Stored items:

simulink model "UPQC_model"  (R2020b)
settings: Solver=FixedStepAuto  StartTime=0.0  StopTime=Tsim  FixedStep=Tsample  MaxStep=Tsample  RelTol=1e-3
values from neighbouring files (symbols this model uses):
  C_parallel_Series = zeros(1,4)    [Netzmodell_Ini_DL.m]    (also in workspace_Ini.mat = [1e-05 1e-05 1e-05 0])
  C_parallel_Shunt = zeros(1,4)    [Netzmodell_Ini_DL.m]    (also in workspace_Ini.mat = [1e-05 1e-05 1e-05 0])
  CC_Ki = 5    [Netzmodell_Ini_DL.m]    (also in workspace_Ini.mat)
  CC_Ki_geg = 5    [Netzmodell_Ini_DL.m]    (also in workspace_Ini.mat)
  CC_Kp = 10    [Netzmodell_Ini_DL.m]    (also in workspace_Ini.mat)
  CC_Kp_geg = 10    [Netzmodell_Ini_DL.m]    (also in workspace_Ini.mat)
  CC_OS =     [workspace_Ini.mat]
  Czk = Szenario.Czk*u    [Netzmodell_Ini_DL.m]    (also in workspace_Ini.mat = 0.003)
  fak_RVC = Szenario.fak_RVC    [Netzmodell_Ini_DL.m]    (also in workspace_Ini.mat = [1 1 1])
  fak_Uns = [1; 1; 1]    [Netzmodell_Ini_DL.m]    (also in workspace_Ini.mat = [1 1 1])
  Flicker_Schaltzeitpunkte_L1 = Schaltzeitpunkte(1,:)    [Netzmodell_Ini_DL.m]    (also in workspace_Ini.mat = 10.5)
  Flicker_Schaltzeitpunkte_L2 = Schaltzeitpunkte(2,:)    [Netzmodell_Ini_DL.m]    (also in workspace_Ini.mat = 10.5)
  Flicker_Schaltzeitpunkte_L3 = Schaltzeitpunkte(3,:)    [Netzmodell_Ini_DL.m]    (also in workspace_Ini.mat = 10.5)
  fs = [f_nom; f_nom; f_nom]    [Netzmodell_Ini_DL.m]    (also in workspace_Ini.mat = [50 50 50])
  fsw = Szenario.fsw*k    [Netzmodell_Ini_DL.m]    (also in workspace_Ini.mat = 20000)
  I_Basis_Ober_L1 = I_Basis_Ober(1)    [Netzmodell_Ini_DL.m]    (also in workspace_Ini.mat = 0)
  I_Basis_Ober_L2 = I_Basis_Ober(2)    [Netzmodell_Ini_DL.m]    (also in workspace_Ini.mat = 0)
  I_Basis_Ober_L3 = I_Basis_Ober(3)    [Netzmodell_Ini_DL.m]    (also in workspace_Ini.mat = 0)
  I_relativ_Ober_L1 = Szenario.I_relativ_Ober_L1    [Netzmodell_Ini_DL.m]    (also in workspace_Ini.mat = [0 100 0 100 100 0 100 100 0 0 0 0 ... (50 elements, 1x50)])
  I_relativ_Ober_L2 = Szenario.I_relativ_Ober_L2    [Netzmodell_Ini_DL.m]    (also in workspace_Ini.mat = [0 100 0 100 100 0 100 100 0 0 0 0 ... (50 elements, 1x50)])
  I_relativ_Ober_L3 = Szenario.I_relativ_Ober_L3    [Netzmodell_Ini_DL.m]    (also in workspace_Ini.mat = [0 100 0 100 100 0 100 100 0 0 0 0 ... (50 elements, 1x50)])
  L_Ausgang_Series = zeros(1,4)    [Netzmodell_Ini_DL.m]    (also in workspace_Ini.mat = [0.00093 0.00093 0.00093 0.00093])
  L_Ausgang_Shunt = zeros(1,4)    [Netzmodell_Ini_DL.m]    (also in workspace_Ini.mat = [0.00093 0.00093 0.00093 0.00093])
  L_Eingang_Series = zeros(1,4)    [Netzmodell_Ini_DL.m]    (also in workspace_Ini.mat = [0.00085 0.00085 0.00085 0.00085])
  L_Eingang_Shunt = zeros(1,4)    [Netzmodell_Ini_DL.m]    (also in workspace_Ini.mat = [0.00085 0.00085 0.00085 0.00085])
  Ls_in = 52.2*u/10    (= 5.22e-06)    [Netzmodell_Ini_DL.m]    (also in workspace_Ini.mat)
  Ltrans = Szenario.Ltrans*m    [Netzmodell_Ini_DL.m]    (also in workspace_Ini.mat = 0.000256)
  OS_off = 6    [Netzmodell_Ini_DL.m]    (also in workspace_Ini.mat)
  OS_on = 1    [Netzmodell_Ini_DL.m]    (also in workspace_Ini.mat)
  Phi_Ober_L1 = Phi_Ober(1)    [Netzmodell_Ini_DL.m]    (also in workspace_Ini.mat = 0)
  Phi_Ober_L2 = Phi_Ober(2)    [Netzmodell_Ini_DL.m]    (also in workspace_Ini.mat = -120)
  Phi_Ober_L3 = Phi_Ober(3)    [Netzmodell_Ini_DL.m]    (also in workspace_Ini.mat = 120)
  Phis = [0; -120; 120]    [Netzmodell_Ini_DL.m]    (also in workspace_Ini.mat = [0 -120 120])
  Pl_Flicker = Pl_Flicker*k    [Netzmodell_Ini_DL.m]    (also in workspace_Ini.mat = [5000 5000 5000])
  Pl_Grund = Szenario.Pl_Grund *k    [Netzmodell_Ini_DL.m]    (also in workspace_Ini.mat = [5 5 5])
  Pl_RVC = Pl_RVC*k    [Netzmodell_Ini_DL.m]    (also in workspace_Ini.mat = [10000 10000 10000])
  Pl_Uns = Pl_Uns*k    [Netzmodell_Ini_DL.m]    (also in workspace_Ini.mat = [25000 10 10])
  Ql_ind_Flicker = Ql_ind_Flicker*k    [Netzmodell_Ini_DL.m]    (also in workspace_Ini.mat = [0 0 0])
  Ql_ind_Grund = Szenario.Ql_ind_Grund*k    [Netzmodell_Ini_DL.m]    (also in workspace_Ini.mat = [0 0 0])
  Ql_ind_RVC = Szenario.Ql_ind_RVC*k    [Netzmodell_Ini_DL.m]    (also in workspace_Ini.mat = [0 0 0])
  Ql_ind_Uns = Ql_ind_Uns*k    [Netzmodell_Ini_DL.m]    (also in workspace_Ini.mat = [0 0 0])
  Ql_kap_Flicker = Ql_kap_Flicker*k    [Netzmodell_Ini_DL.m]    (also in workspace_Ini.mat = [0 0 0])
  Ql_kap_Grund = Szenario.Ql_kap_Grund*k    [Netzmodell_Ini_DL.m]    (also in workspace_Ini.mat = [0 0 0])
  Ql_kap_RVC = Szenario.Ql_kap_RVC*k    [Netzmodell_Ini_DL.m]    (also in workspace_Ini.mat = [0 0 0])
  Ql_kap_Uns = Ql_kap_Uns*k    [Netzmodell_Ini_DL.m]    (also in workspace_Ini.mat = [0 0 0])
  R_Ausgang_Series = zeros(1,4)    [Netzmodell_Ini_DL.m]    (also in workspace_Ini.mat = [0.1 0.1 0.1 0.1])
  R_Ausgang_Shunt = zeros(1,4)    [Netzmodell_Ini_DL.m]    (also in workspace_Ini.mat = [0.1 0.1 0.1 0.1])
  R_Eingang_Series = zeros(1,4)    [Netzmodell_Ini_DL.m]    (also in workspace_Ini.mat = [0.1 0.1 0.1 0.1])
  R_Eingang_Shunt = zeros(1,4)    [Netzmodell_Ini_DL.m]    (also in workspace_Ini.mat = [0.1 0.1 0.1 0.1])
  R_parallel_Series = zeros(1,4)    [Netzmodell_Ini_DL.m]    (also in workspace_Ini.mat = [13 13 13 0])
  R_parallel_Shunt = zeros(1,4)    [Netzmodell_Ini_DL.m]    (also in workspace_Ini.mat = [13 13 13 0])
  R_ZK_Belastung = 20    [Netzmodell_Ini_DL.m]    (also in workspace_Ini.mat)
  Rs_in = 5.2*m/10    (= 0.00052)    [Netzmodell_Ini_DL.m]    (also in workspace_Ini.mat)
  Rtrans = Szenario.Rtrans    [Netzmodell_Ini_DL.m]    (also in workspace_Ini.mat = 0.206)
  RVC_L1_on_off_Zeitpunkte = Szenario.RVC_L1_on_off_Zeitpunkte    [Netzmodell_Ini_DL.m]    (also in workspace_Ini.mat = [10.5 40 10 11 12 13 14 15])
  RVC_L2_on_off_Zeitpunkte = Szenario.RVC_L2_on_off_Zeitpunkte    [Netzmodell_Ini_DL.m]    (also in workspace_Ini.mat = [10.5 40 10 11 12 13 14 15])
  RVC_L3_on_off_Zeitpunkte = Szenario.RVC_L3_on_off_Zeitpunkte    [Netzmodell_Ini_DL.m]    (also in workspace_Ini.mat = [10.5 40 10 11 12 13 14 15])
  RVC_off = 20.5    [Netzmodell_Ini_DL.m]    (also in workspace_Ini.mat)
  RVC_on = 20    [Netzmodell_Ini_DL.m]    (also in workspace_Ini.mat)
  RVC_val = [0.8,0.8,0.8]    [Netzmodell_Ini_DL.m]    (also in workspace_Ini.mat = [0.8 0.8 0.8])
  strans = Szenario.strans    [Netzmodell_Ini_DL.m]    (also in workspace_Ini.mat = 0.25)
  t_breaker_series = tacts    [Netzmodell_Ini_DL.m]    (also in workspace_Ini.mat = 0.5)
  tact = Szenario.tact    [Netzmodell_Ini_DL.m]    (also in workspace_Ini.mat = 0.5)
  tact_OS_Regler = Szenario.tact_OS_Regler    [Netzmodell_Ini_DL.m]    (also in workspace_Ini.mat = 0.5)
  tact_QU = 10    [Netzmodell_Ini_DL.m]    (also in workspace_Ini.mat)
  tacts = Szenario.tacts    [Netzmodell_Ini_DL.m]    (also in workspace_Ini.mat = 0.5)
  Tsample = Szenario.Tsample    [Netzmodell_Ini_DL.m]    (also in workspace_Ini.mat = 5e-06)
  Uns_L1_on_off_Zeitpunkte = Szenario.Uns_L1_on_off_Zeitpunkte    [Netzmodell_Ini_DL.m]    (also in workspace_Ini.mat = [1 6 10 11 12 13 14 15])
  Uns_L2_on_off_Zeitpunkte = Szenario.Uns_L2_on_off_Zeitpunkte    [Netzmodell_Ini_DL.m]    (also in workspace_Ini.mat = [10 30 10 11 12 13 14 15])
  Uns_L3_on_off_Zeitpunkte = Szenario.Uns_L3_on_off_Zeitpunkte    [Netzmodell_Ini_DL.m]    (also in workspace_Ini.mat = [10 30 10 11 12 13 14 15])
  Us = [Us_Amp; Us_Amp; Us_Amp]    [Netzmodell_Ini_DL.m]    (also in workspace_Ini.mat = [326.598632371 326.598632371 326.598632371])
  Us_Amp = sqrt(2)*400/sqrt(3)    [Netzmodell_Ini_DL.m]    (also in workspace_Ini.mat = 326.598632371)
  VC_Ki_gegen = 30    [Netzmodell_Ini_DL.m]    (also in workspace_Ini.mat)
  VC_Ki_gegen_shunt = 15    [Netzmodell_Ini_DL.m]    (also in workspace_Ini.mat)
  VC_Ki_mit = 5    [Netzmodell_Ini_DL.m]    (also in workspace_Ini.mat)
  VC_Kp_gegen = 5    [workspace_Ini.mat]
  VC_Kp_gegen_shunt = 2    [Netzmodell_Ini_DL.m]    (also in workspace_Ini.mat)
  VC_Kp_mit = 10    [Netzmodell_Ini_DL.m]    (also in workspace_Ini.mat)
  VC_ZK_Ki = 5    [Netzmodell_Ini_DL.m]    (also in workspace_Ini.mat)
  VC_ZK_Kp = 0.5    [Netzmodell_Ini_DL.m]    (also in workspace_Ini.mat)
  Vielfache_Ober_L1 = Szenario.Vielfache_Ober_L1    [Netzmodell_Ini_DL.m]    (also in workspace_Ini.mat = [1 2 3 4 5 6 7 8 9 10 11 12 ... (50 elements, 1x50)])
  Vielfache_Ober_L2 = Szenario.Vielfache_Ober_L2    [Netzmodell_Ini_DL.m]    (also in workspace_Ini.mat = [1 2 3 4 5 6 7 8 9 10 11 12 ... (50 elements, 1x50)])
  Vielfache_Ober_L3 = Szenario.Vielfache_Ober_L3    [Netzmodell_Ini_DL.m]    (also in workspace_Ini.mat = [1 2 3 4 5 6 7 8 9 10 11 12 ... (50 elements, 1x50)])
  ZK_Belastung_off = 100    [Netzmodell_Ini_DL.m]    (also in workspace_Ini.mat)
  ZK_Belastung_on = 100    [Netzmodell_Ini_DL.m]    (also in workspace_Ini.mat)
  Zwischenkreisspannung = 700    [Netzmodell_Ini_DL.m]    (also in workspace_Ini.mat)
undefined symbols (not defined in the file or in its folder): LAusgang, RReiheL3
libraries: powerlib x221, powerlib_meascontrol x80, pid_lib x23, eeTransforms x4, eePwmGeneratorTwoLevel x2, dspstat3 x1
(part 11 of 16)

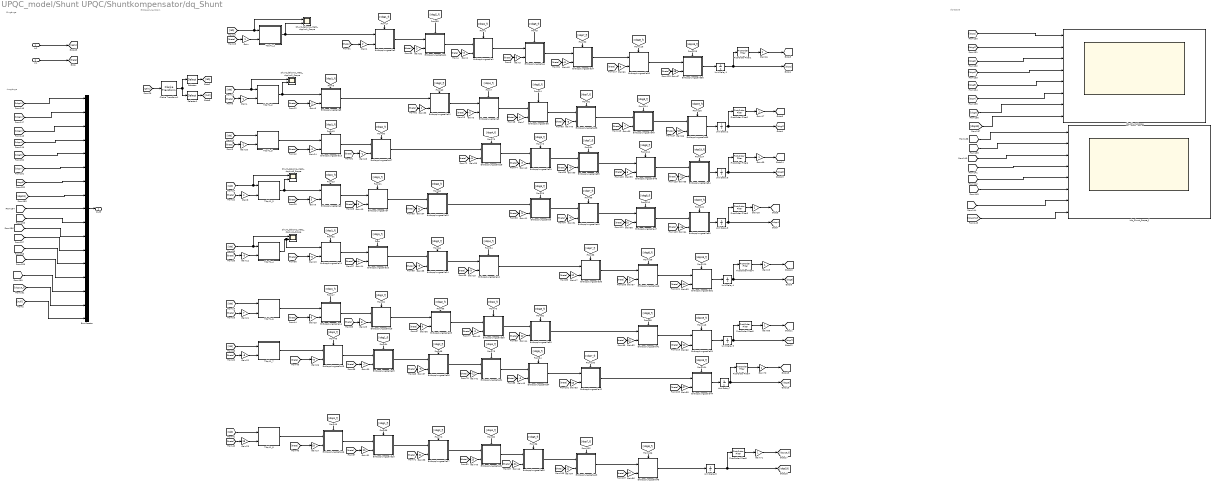
== system UPQC_model/Shunt UPQC/Shuntkompensator/dq_Shunt ==
  note: Entkopplung Strom
  note: Eingänge
  note: Ausgänge
  note: dq-Scope
  In2 : Inport
  In1 : Inport  Port=2
  Bus Creator : BusCreator  Inputs=17
  Clarke Transform1 : eeTransforms/Clarke Transform  PowerInvariant=off
      settings: SourceProductBaseCode=PS
  Entkopplungszelle1 : Subsystem
      settings: PortSchema="{\"entries\":[{\"content\":{\"sides\":[{\"content\":{\"connectorIds\":[\"In1\",\"In2\"]},\"type\":\"ConnectorPlacement.EquallySpacedRectSide\",\"uuid\":\"e8e24803-2fc0-483c-82f9-6ee33f65ebd9\"},{\"content\":{\"connectorIds\":[\"Out1\"],\"side\":\"RIGHT\"},\"type\":\"ConnectorPlacement.EquallySpacedRectSide\",\"uuid\":\"e11e5831-ab5e-42bb-bd0b-63825273f403\"},{\"content\":{\"connectorIds\":[\"In3\"],\"side\":\"TOP\"},\"type\":\"ConnectorPlacement.EquallySpacedRectSide\",\"uuid\":\"2b39bd07-2b6e-4e89-bb54-1321cea2c793\"},{\"content\":{\"connectorIds\":[],\"side\":\"HIDDEN\"},\"type\":\"ConnectorPlacement.EquallySpacedRectSide\",\"uuid\":\"a99c5943-5af0-4d11-8875-695bd24f17f4\"}]},\"type\":\"ConnectorPlacement.EquallySpacedConnector\",\"uuid\":\"a2a714db-f067-4e0e-8919-f68d1dab84ba\"}],\"packageUris\":[\"http://schema.mathworks.com/mf0/Connector/R2020b\"],\"version\":\"1.0\"}"
  Entkopplungszelle10 : Subsystem
      settings: PortSchema="{\"entries\":[{\"content\":{\"sides\":[{\"content\":{\"connectorIds\":[\"In1\",\"In2\"]},\"type\":\"ConnectorPlacement.EquallySpacedRectSide\",\"uuid\":\"e8e24803-2fc0-483c-82f9-6ee33f65ebd9\"},{\"content\":{\"connectorIds\":[\"Out1\"],\"side\":\"RIGHT\"},\"type\":\"ConnectorPlacement.EquallySpacedRectSide\",\"uuid\":\"e11e5831-ab5e-42bb-bd0b-63825273f403\"},{\"content\":{\"connectorIds\":[\"In3\"],\"side\":\"TOP\"},\"type\":\"ConnectorPlacement.EquallySpacedRectSide\",\"uuid\":\"2b39bd07-2b6e-4e89-bb54-1321cea2c793\"},{\"content\":{\"connectorIds\":[],\"side\":\"HIDDEN\"},\"type\":\"ConnectorPlacement.EquallySpacedRectSide\",\"uuid\":\"a99c5943-5af0-4d11-8875-695bd24f17f4\"}]},\"type\":\"ConnectorPlacement.EquallySpacedConnector\",\"uuid\":\"a2a714db-f067-4e0e-8919-f68d1dab84ba\"}],\"packageUris\":[\"http://schema.mathworks.com/mf0/Connector/R2020b\"],\"version\":\"1.0\"}"
  Entkopplungszelle11 : Subsystem
      settings: PortSchema="{\"entries\":[{\"content\":{\"sides\":[{\"content\":{\"connectorIds\":[\"In1\",\"In2\"]},\"type\":\"ConnectorPlacement.EquallySpacedRectSide\",\"uuid\":\"e8e24803-2fc0-483c-82f9-6ee33f65ebd9\"},{\"content\":{\"connectorIds\":[\"Out1\"],\"side\":\"RIGHT\"},\"type\":\"ConnectorPlacement.EquallySpacedRectSide\",\"uuid\":\"e11e5831-ab5e-42bb-bd0b-63825273f403\"},{\"content\":{\"connectorIds\":[\"In3\"],\"side\":\"TOP\"},\"type\":\"ConnectorPlacement.EquallySpacedRectSide\",\"uuid\":\"2b39bd07-2b6e-4e89-bb54-1321cea2c793\"},{\"content\":{\"connectorIds\":[],\"side\":\"HIDDEN\"},\"type\":\"ConnectorPlacement.EquallySpacedRectSide\",\"uuid\":\"a99c5943-5af0-4d11-8875-695bd24f17f4\"}]},\"type\":\"ConnectorPlacement.EquallySpacedConnector\",\"uuid\":\"a2a714db-f067-4e0e-8919-f68d1dab84ba\"}],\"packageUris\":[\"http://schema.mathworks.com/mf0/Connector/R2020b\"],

**WHAT TO WORK ON**
A word-for-word reproduction is needed of the lines above from the line containing "VC_Ki_gegen = 30" through the line containing "Entkopplungszelle1 : Subsystem", with both ends kept and no pictures.

**ANSWER FOR THE TASK**
  VC_Ki_gegen = 30    [Netzmodell_Ini_DL.m]    (also in workspace_Ini.mat)
  VC_Ki_gegen_shunt = 15    [Netzmodell_Ini_DL.m]    (also in workspace_Ini.mat)
  VC_Ki_mit = 5    [Netzmodell_Ini_DL.m]    (also in workspace_Ini.mat)
  VC_Kp_gegen = 5    [workspace_Ini.mat]
  VC_Kp_gegen_shunt = 2    [Netzmodell_Ini_DL.m]    (also in workspace_Ini.mat)
  VC_Kp_mit = 10    [Netzmodell_Ini_DL.m]    (also in workspace_Ini.mat)
  VC_ZK_Ki = 5    [Netzmodell_Ini_DL.m]    (also in workspace_Ini.mat)
  VC_ZK_Kp = 0.5    [Netzmodell_Ini_DL.m]    (also in workspace_Ini.mat)
  Vielfache_Ober_L1 = Szenario.Vielfache_Ober_L1    [Netzmodell_Ini_DL.m]    (also in workspace_Ini.mat = [1 2 3 4 5 6 7 8 9 10 11 12 ... (50 elements, 1x50)])
  Vielfache_Ober_L2 = Szenario.Vielfache_Ober_L2    [Netzmodell_Ini_DL.m]    (also in workspace_Ini.mat = [1 2 3 4 5 6 7 8 9 10 11 12 ... (50 elements, 1x50)])
  Vielfache_Ober_L3 = Szenario.Vielfache_Ober_L3    [Netzmodell_Ini_DL.m]    (also in workspace_Ini.mat = [1 2 3 4 5 6 7 8 9 10 11 12 ... (50 elements, 1x50)])
  ZK_Belastung_off = 100    [Netzmodell_Ini_DL.m]    (also in workspace_Ini.mat)
  ZK_Belastung_on = 100    [Netzmodell_Ini_DL.m]    (also in workspace_Ini.mat)
  Zwischenkreisspannung = 700    [Netzmodell_Ini_DL.m]    (also in workspace_Ini.mat)
undefined symbols (not defined in the file or in its folder): LAusgang, RReiheL3
libraries: powerlib x221, powerlib_meascontrol x80, pid_lib x23, eeTransforms x4, eePwmGeneratorTwoLevel x2, dspstat3 x1
(part 11 of 16)

== system UPQC_model/Shunt UPQC/Shuntkompensator/dq_Shunt ==
  note: Entkopplung Strom
  note: Eingänge
  note: Ausgänge
  note: dq-Scope
  In2 : Inport
  In1 : Inport  Port=2
  Bus Creator : BusCreator  Inputs=17
  Clarke Transform1 : eeTransforms/Clarke Transform  PowerInvariant=off
      settings: SourceProductBaseCode=PS
  Entkopplungszelle1 : Subsystem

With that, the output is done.